> _Work instruction_:
Could you repeat all of the entries below word for word, apart from the pictures?

++++ Supplied records

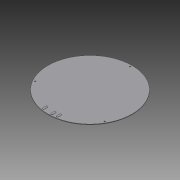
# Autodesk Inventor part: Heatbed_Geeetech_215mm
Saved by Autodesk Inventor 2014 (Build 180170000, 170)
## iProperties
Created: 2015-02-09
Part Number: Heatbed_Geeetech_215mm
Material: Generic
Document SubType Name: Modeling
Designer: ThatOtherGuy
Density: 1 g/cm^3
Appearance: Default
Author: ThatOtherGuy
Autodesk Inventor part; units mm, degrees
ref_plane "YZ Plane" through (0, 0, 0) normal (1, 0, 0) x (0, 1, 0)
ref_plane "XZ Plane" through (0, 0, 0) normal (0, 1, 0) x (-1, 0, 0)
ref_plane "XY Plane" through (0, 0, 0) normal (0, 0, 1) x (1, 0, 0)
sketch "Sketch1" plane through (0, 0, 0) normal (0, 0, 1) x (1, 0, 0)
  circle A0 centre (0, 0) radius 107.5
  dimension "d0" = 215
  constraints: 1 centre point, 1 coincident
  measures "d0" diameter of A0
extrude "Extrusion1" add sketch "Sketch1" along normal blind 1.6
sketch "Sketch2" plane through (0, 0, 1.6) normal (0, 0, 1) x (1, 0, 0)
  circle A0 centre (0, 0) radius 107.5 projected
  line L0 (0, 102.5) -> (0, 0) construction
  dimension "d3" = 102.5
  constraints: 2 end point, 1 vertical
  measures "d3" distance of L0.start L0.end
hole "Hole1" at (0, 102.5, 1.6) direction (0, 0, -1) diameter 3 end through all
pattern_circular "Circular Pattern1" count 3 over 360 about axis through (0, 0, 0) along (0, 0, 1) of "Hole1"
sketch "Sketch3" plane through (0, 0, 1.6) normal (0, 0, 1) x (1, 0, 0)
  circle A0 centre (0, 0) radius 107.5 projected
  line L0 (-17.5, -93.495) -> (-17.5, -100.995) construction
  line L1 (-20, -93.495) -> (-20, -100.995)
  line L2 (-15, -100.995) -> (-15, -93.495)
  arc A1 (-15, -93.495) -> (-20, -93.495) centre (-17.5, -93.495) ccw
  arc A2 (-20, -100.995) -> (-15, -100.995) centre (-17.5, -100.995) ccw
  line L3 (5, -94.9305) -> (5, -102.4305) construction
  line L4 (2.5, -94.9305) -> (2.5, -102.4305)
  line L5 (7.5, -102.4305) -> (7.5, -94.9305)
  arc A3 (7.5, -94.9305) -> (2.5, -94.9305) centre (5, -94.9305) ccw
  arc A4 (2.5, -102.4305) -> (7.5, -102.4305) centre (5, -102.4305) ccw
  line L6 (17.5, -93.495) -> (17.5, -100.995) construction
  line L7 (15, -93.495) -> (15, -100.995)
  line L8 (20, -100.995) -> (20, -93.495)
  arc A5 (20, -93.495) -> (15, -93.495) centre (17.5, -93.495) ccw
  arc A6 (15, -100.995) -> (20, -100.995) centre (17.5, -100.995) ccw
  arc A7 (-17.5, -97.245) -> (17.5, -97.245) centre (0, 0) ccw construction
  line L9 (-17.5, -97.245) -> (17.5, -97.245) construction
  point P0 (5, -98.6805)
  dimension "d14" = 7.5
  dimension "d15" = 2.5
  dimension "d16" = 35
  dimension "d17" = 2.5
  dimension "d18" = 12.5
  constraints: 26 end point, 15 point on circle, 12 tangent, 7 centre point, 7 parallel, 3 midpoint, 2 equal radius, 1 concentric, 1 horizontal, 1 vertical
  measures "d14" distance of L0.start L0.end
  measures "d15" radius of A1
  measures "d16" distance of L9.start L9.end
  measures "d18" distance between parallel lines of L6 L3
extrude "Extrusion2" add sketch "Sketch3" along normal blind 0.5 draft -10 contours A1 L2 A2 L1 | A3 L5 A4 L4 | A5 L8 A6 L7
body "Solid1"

++++++++

> _Completed task_:
# Autodesk Inventor part: Heatbed_Geeetech_215mm
Saved by Autodesk Inventor 2014 (Build 180170000, 170)
## iProperties
Created: 2015-02-09
Part Number: Heatbed_Geeetech_215mm
Material: Generic
Document SubType Name: Modeling
Designer: ThatOtherGuy
Density: 1 g/cm^3
Appearance: Default
Author: ThatOtherGuy
Autodesk Inventor part; units mm, degrees
ref_plane "YZ Plane" through (0, 0, 0) normal (1, 0, 0) x (0, 1, 0)
ref_plane "XZ Plane" through (0, 0, 0) normal (0, 1, 0) x (-1, 0, 0)
ref_plane "XY Plane" through (0, 0, 0) normal (0, 0, 1) x (1, 0, 0)
sketch "Sketch1" plane through (0, 0, 0) normal (0, 0, 1) x (1, 0, 0)
  circle A0 centre (0, 0) radius 107.5
  dimension "d0" = 215
  constraints: 1 centre point, 1 coincident
  measures "d0" diameter of A0
extrude "Extrusion1" add sketch "Sketch1" along normal blind 1.6
sketch "Sketch2" plane through (0, 0, 1.6) normal (0, 0, 1) x (1, 0, 0)
  circle A0 centre (0, 0) radius 107.5 projected
  line L0 (0, 102.5) -> (0, 0) construction
  dimension "d3" = 102.5
  constraints: 2 end point, 1 vertical
  measures "d3" distance of L0.start L0.end
hole "Hole1" at (0, 102.5, 1.6) direction (0, 0, -1) diameter 3 end through all
pattern_circular "Circular Pattern1" count 3 over 360 about axis through (0, 0, 0) along (0, 0, 1) of "Hole1"
sketch "Sketch3" plane through (0, 0, 1.6) normal (0, 0, 1) x (1, 0, 0)
  circle A0 centre (0, 0) radius 107.5 projected
  line L0 (-17.5, -93.495) -> (-17.5, -100.995) construction
  line L1 (-20, -93.495) -> (-20, -100.995)
  line L2 (-15, -100.995) -> (-15, -93.495)
  arc A1 (-15, -93.495) -> (-20, -93.495) centre (-17.5, -93.495) ccw
  arc A2 (-20, -100.995) -> (-15, -100.995) centre (-17.5, -100.995) ccw
  line L3 (5, -94.9305) -> (5, -102.4305) construction
  line L4 (2.5, -94.9305) -> (2.5, -102.4305)
  line L5 (7.5, -102.4305) -> (7.5, -94.9305)
  arc A3 (7.5, -94.9305) -> (2.5, -94.9305) centre (5, -94.9305) ccw
  arc A4 (2.5, -102.4305) -> (7.5, -102.4305) centre (5, -102.4305) ccw
  line L6 (17.5, -93.495) -> (17.5, -100.995) construction
  line L7 (15, -93.495) -> (15, -100.995)
  line L8 (20, -100.995) -> (20, -93.495)
  arc A5 (20, -93.495) -> (15, -93.495) centre (17.5, -93.495) ccw
  arc A6 (15, -100.995) -> (20, -100.995) centre (17.5, -100.995) ccw
  arc A7 (-17.5, -97.245) -> (17.5, -97.245) centre (0, 0) ccw construction
  line L9 (-17.5, -97.245) -> (17.5, -97.245) construction
  point P0 (5, -98.6805)
  dimension "d14" = 7.5
  dimension "d15" = 2.5
  dimension "d16" = 35
  dimension "d17" = 2.5
  dimension "d18" = 12.5
  constraints: 26 end point, 15 point on circle, 12 tangent, 7 centre point, 7 parallel, 3 midpoint, 2 equal radius, 1 concentric, 1 horizontal, 1 vertical
  measures "d14" distance of L0.start L0.end
  measures "d15" radius of A1
  measures "d16" distance of L9.start L9.end
  measures "d18" distance between parallel lines of L6 L3
extrude "Extrusion2" add sketch "Sketch3" along normal blind 0.5 draft -10 contours A1 L2 A2 L1 | A3 L5 A4 L4 | A5 L8 A6 L7
body "Solid1"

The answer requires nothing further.